Can someone tell me how this is compiling? (sqrt is retuning a string instead)

Question

Here's my code. This is boggling my mind.

#include <iostream>
#include <sstream>
#include <set>
#include <cmath>
#include <cstdlib>
#include "list.h"
#include "stack.h"
#include <limits>
#define PI 3.1415926535897932384626433832795

class RPN : public Stack<float> {
      public:
             std::string sqrt(float n); 
};

std::string RPN::sqrt(float n){
    std::string x;
    x = sqrt(3.0);
    std::ostringstream ss;
    ss << n;
    return (ss.str());
}

Yes that is compiling. sqrt is returning a string. trying to use a double or a float throws a strange error. Can anyone tell me what is going on? I've never had this before. The funny thing, is I'm actually converting to a string later on, but I doubt this will compile any where else...
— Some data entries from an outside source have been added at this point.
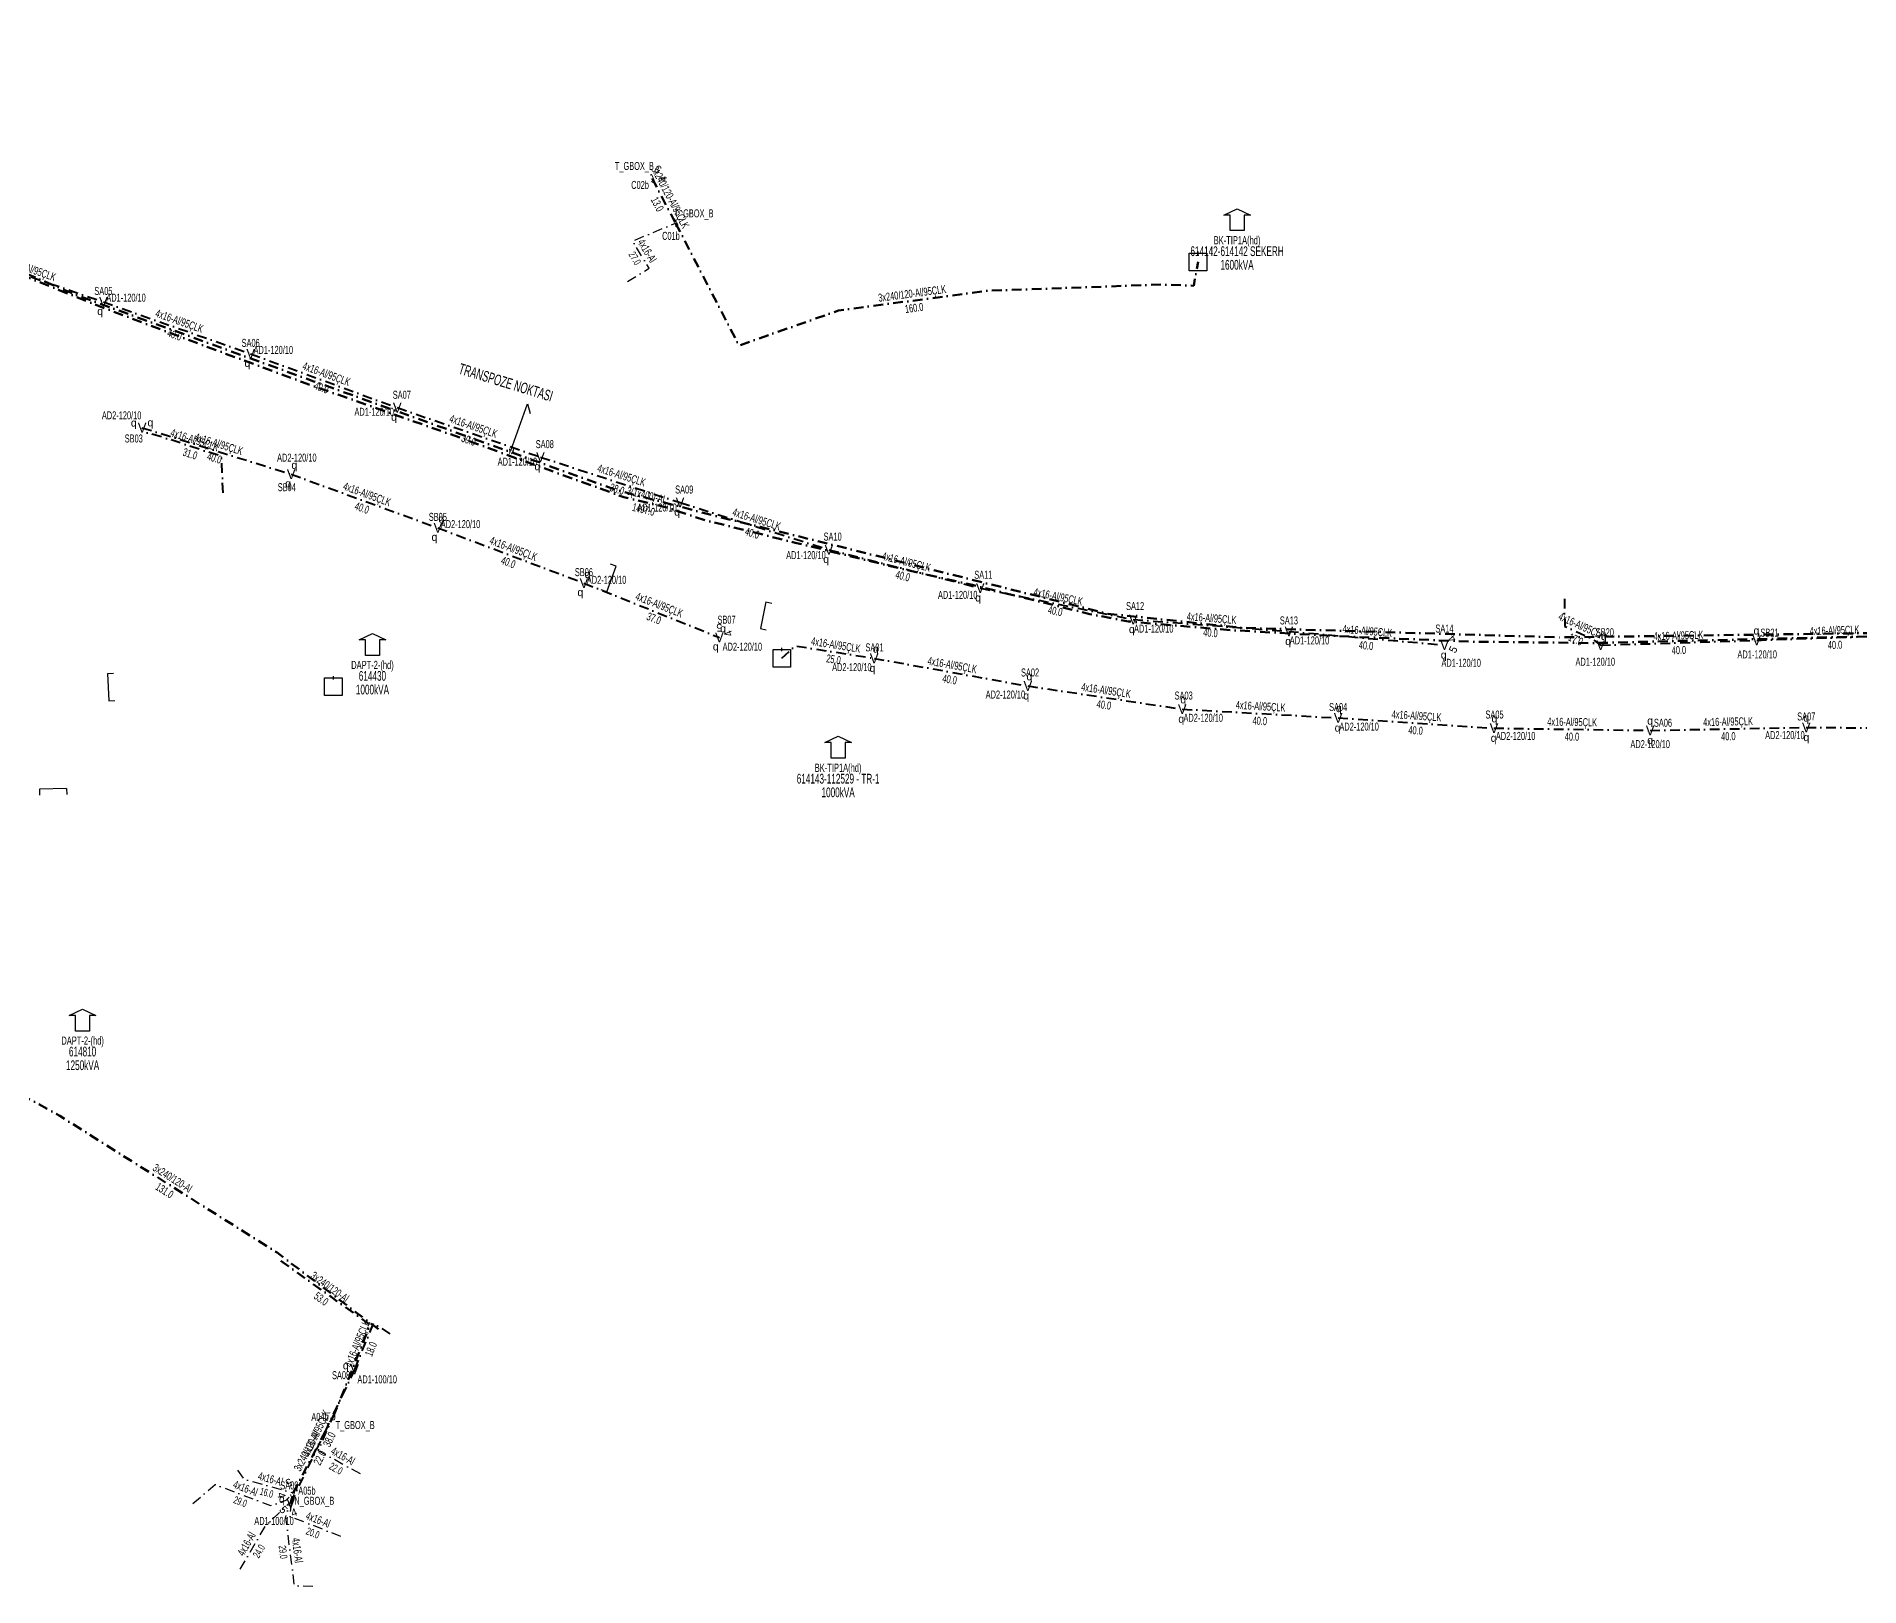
# Model space of a CAD drawing. Header units: millimetres. Extents: x 407682 to 413427, y 4045444 to 4048063.
# Drawn here: x 410055.3 to 410522.3, y 4046101.3 to 4046498.4 of the extents above; entities that cross this region are included whole.
import ezdxf
from ezdxf.enums import TextEntityAlignment as Align

# ---------------------------------------------------------------- set-up
doc = ezdxf.new("R2010")
doc.units = ezdxf.units.MM
doc.linetypes.add('DASHDOT', pattern=[5, 2.5, -1.25, 0, -1.25])
for name, color, linetype, lineweight in [('DIREK_AYD_YENI', 152, 'Continuous', 25), ('DIREK_BOX_YENI', 5, 'Continuous', 25), ('HAT_ABH_YERALTI_YENI', 6, 'DASHDOT', 80), ('HAT_ABONE_YERALTI_YENI', 30, 'DASHDOT', 30), ('HAT_AYD_YERALTI_YENI', 4, 'DASHDOT', 40), ('HAT_BOX_YERALTI_YENI', 5, 'DASHDOT', 50), ('KULLANICI', 1, 'Continuous', 25), ('NODE_OG_YENI', 5, 'Continuous', 25), ('TRAFO_MEVCUT', 5, 'Continuous', 30)]:
    doc.layers.add(name, color=color, linetype=linetype, lineweight=lineweight)
doc.layers.add('NIA_OG', color=6, linetype='Continuous')
doc.styles.add('Direk', font='B_CAD')
doc.styles.get("Standard").update_dxf_attribs({"font": 'Arial'})

# ---------------------------------------------------------------- blocks, each defined once
blk = doc.blocks.new('OG_NIA', base_point=(-43.6726, 128.9236))
at = {"layer": 'NIA_OG'}
for p, q in [((-43.672618, 132.403582), (-45.232618, 132.403582)), ((-43.672618, 125.443582), (-43.672618, 132.403582)), ((-43.672618, 125.443582), (-45.232618, 125.443582))]:
    blk.add_line(p, q, dxfattribs=at)
blk = doc.blocks.new('MEV_BINA_KARE')
at = {"layer": 'TRAFO_MEVCUT', "linetype": 'Continuous'}
for p, q in [((-2.25, -2.25), (-2.25, 2.25)), ((-2.25, 2.25), (2.25, 2.25)), ((0, 1.8), (0, 2.7)), ((2.25, 2.25), (2.25, -2.25)), ((2.25, -2.25), (-2.25, -2.25))]:
    blk.add_line(p, q, dxfattribs=at)
blk = doc.blocks.new('MEV_BETKOSK')
at = {"layer": 'TRAFO_MEVCUT', "linetype": 'Continuous'}
for p, q in [((-3.4, 2), (0, 3.6)), ((-1.8, 2), (-3.4, 2)), ((-1.8, -2), (-1.8, 2)), ((0, 3.6), (3.4, 2)), ((3.4, 2), (1.8, 2)), ((1.8, 2), (1.8, -2)), ((1.8, -2), (-1.8, -2))]:
    blk.add_line(p, q, dxfattribs=at)
blk = doc.blocks.new('MEV_DAPT')
at = {"layer": 'TRAFO_MEVCUT', "linetype": 'Continuous'}
for p, q in [((-3.4, 2), (0, 3.6)), ((-1.8, 2), (-3.4, 2)), ((-1.8, -2), (-1.8, 2)), ((0, 3.6), (3.4, 2)), ((3.4, 2), (1.8, 2)), ((1.8, 2), (1.8, -2)), ((1.8, -2), (-1.8, -2))]:
    blk.add_line(p, q, dxfattribs=at)

msp = doc.modelspace()

# ---------------------------------------------------------------- linework, layer by layer
at = {"layer": 'HAT_ABH_YERALTI_YENI', "flags": 128}
for points in [[(409477.614, 4047326.318), (409463.867131, 4047311.200562), (409448.400227, 4047322.628886), (409444.146828, 4047325.077812), (409402.026808, 4047285.838032), (409388.717667, 4047276.210142), (409359.972694, 4047240.244175), (409324.236814, 4047196.749089), (409322.425902, 4047174.096609), (409353.694655, 4047171.767039), (409384.371755, 4047165.999745), (409417.380314, 4047148.820569), (409419.002444, 4047141.422002), (409396.39833, 4047106.790011), (409377.112251, 4047082.319502), (409413.464184, 4047053.829198), (409427.943775, 4047045.23961), (409466.826773, 4047015.293417), (409485.233032, 4046995.291948), (409525.331532, 4046927.836955), (409556.357026, 4046874.000209), (409565.113549, 4046857.88885), (409558.487295, 4046844.88176), (409563.027506, 4046838.623632), (409597.723579, 4046812.205101), (409622.642823, 4046799.367915), (409653.603096, 4046786.62512), (409665.307589, 4046781.716784), (409695.290718, 4046763.805494), (409717.283839, 4046746.72071), (409755.996933, 4046714.284346), (409771.212774, 4046702.258923), (409797.382807, 4046679.131872), (409823.304956, 4046659.223661), (409861.669737, 4046641.803977), (409865.300115, 4046640.515074), (409842.881171, 4046597.354794), (409891.066395, 4046579.42261), (409909.132943, 4046573.439533), (409946.81968, 4046560.477739), (409969.930784, 4046556.958281), (410030.141065, 4046560.595415), (410036.213899, 4046559.891162), (410044.899599, 4046445.84143), (410045.884718, 4046440.561144), (410066.011922, 4046431.989959), (410126.413647, 4046410.047011), (410203.717659, 4046382.265313), (410231.359435, 4046375.043122), (410240.71042, 4046372.795141), (410257.975399, 4046368.50422), (410329.750227, 4046350.535383), (410364.032211, 4046346.93482), (410445.437006, 4046344.471155), (410544.837965, 4046345.839795), (410604.549005, 4046347.655169), (410628.178707, 4046365.598615), (410642.695665, 4046412.371978), (410667.865768, 4046502.105417), (410676.606298, 4046540.492999), (410682.341115, 4046560.377756), (410692.994093, 4046603.333826), (410739.733722, 4046591.210237), (410763.502339, 4046583.712753), (410760.1524, 4046576.693833), (410753.326, 4046568.981)], [(410762.319821, 4046583.220858), (410747.815091, 4046587.856228), (410718.418629, 4046596.109297), (410707.227002, 4046599.344624), (410693.544442, 4046602.146098), (410689.506812, 4046583.120325), (410684.089408, 4046561.311388), (410671.950829, 4046515.016596), (410662.213442, 4046477.433739), (410649.849811, 4046432.837488), (410637.849797, 4046389.638015), (410631.506328, 4046370.915595), (410628.867259, 4046365.267987), (410614.932972, 4046353.286611), (410604.821439, 4046346.389529), (410562.766848, 4046345.439464), (410520.25831, 4046344.611383), (410479.473502, 4046343.639197), (410453.976345, 4046343.016009), (410422.317571, 4046343.385683), (410385.859471, 4046344.916648), (410361.173035, 4046346.339748), (410335.005975, 4046348.553349), (410325.160318, 4046350.449929), (410295.074926, 4046357.892105), (410272.762676, 4046362.992458), (410272.20753, 4046363.203589), (410249.639791, 4046368.734023), (410226.261423, 4046374.569784), (410216.792442, 4046377.726111), (410205.75085, 4046380.400505), (410160.769061, 4046396.721909), (410124.698961, 4046409.408513), (410097.397324, 4046419.523776), (410071.345284, 4046429.344199), (410046.879247, 4046439.204584), (409991.66651, 4046458.127449), (409943.178255, 4046475.603015), (409918.085379, 4046484.313565), (409880.902484, 4046499.712176), (409829.012692, 4046520.239892), (409772.259704, 4046540.071307), (409725.817999, 4046556.648079), (409678.732391, 4046573.052777), (409648.795927, 4046583.839621), (409619.89495, 4046597.665706), (409615.791725, 4046599.360516), (409605.801263, 4046599.182115), (409562.573262, 4046613.622198), (409539.291919, 4046621.293445), (409530.282664, 4046594.35488), (409525.465834, 4046589.44885), (409524.347, 4046588.662)]]:
    msp.add_lwpolyline(points, dxfattribs=at)
at = {"layer": 'HAT_ABONE_YERALTI_YENI', "flags": 128}
for points in [[(410206.75, 4046435.623), (410212.26383, 4046439.057504), (410208.012212, 4046446.032815), (410219.039184, 4046450.632242)], [(410138.285115, 4046130.134474), (410127.524921, 4046136.094386), (410131.441137, 4046144.997672)], [(410095.416277, 4046122.598216), (410101.128197, 4046127.441864), (410115.242601, 4046122.029573), (410119.275288, 4046123.409177), (410121.073703, 4046125.324038)], [(410106.844945, 4046131.088083), (410108.450707, 4046128.821467), (410121.073703, 4046125.324038)], [(410107.519959, 4046105.715493), (410113.969121, 4046116.82953), (410118.638548, 4046121.28671), (410120.654891, 4046123.19693), (410121.073703, 4046125.324038)], [(410126.144605, 4046101.300763), (410121.397755, 4046101.547769), (410119.169164, 4046119.164243), (410121.073703, 4046125.324038)], [(410133.318542, 4046114.131074), (410120.230398, 4046119.270367), (410121.073703, 4046125.324038)]]:
    msp.add_lwpolyline(points, dxfattribs=at)
at = {"layer": 'HAT_AYD_YERALTI_YENI', "flags": 128}
for points in [[(410034.67657, 4046443.523202), (410072.470271, 4046430.422203)], [(410072.470271, 4046430.422203), (410110.189627, 4046417.108668)], [(410110.189627, 4046417.108668), (410147.740253, 4046403.326416)], [(410147.740253, 4046403.326416), (410184.418727, 4046390.663556)], [(410082.391327, 4046398.190223), (410120.573018, 4046386.267201)], [(410103.114, 4046381.541), (410102.694669, 4046390.857692), (410087.837848, 4046395.716878), (410083.816453, 4046396.778079), (410082.391327, 4046398.190223)], [(410184.418727, 4046390.663556), (410220.173539, 4046379.023206)], [(410120.573018, 4046386.267201), (410158.142455, 4046372.536309)], [(410220.173539, 4046379.023206), (410258.302165, 4046366.931562)], [(410158.142455, 4046372.536309), (410195.55277, 4046358.377626)], [(410258.302165, 4046366.931562), (410297.076856, 4046357.106933)], [(410195.55277, 4046358.377626), (410230.251961, 4046344.451326)], [(410297.076856, 4046357.106933), (410336.255857, 4046349.044311)], [(410446.687, 4046354.353), (410446.835772, 4046347.293878), (410453.948954, 4046344.042137), (410455.987829, 4046342.463783)], [(410336.255857, 4046349.044311), (410376.140263, 4046346.005537)], [(410246.255916, 4046339.124846), (410249.703427, 4046342.314466), (410269.891627, 4046339.094384)], [(410376.140263, 4046346.005537), (410415.987865, 4046342.517174)], [(410455.987829, 4046342.463783), (410495.968325, 4046343.712769)], [(410495.968325, 4046343.712769), (410535.943479, 4046345.122405)], [(410269.891627, 4046339.094384), (410309.261552, 4046332.022676)], [(410309.261552, 4046332.022676), (410348.818913, 4046326.08844)], [(410348.818913, 4046326.08844), (410388.755075, 4046323.829462)], [(410388.755075, 4046323.829462), (410428.669181, 4046321.209512)], [(410428.669181, 4046321.209512), (410468.665063, 4046320.635536)], [(410468.665063, 4046320.635536), (410508.657616, 4046321.407335)], [(410508.657616, 4046321.407335), (410548.656571, 4046321.118171)], [(410136.833171, 4046156.947018), (410141.677313, 4046168.768083), (410145.796785, 4046166.073636)], [(410136.833171, 4046156.947018), (410120.454105, 4046122.658154)]]:
    msp.add_lwpolyline(points, dxfattribs=at)
at = {"layer": 'HAT_BOX_YERALTI_YENI', "flags": 128}
for points in [[(410213.02694, 4046462.020075), (410219.039184, 4046450.632242)], [(410219.039184, 4046450.632242), (410235.312839, 4046419.233505), (410260.797966, 4046428.215048), (410298.969523, 4046433.267166), (410343.287767, 4046434.86242), (410351.752871, 4046434.57052), (410352.857, 4046440.67)], [(410142.943466, 4046167.226717), (410116.966617, 4046186.840497), (410061.333234, 4046221.855126), (410051.238705, 4046227.414653), (410044.659058, 4046230.704476), (410046.463155, 4046240.467823), (410046.610485, 4046244.678737)], [(410117.924145, 4046184.75123), (410140.785382, 4046168.336688), (410131.441137, 4046144.997672)], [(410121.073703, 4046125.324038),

postfix.cpp: In member function ‘std::string RPN::sqrt(float)’:
postfix.cpp:161:13: error: cannot convert ‘std::string {aka std::basic_string<char>}’ to ‘float’ in assignment

edit: posted wrong compiler error at first.

edit2: line 161 is n=sqrt(n); I have even tried double x = sqrt(n) and many other methods; Oh and when I print out the retrned string in my method posted above, I get a seg fault(obv..)

std::string RPN::sqrt(float n) {
    n = sqrt(n);
    std::ostringstream ss;
    ss << n;
    return (ss.str());
}

Answer 1

The line x = sqrt(3.0); is calling your RDN::sqrt() method which returns a string. I think you're trying to call the sqrt() function in cmath. I would suggest renaming your method to something else. Alternatively, you might be able to call std::sqrt(3.0)

Answer 2

Let's look at the code more closely

std::string RPN::sqrt(float n){
    std::string x; // temporary string variable

    // calling sqrt with 3.0? What?
    // This call actually would make this function be recursive 
    // (it would hide ::sqrt), making the assignment possible 
    // to compile (as sqrt returns a string)
    // This also means that the function will 
    // eventually cause a stack overflow as there is no break case.
    x = sqrt(3.0); 

    std::ostringstream ss; // temporary string stream
    ss << n; // putting x in the string stream

    // returning the string value of the string stream
    // (i.e. converting x to a string)
    return (ss.str()); 
}

In other words, there is no compile errors, but if you ran that code, you will get a run-time error.

EDIT:

Try n = ::sqrt(n) (or n = std::sqrt(n) if you #include <cmath>) instead of n = sqrt(n), as that will just call your own function that you are defining, since your function will mask global scope.

n = sqrt(n) makes your function recursive, and not compile.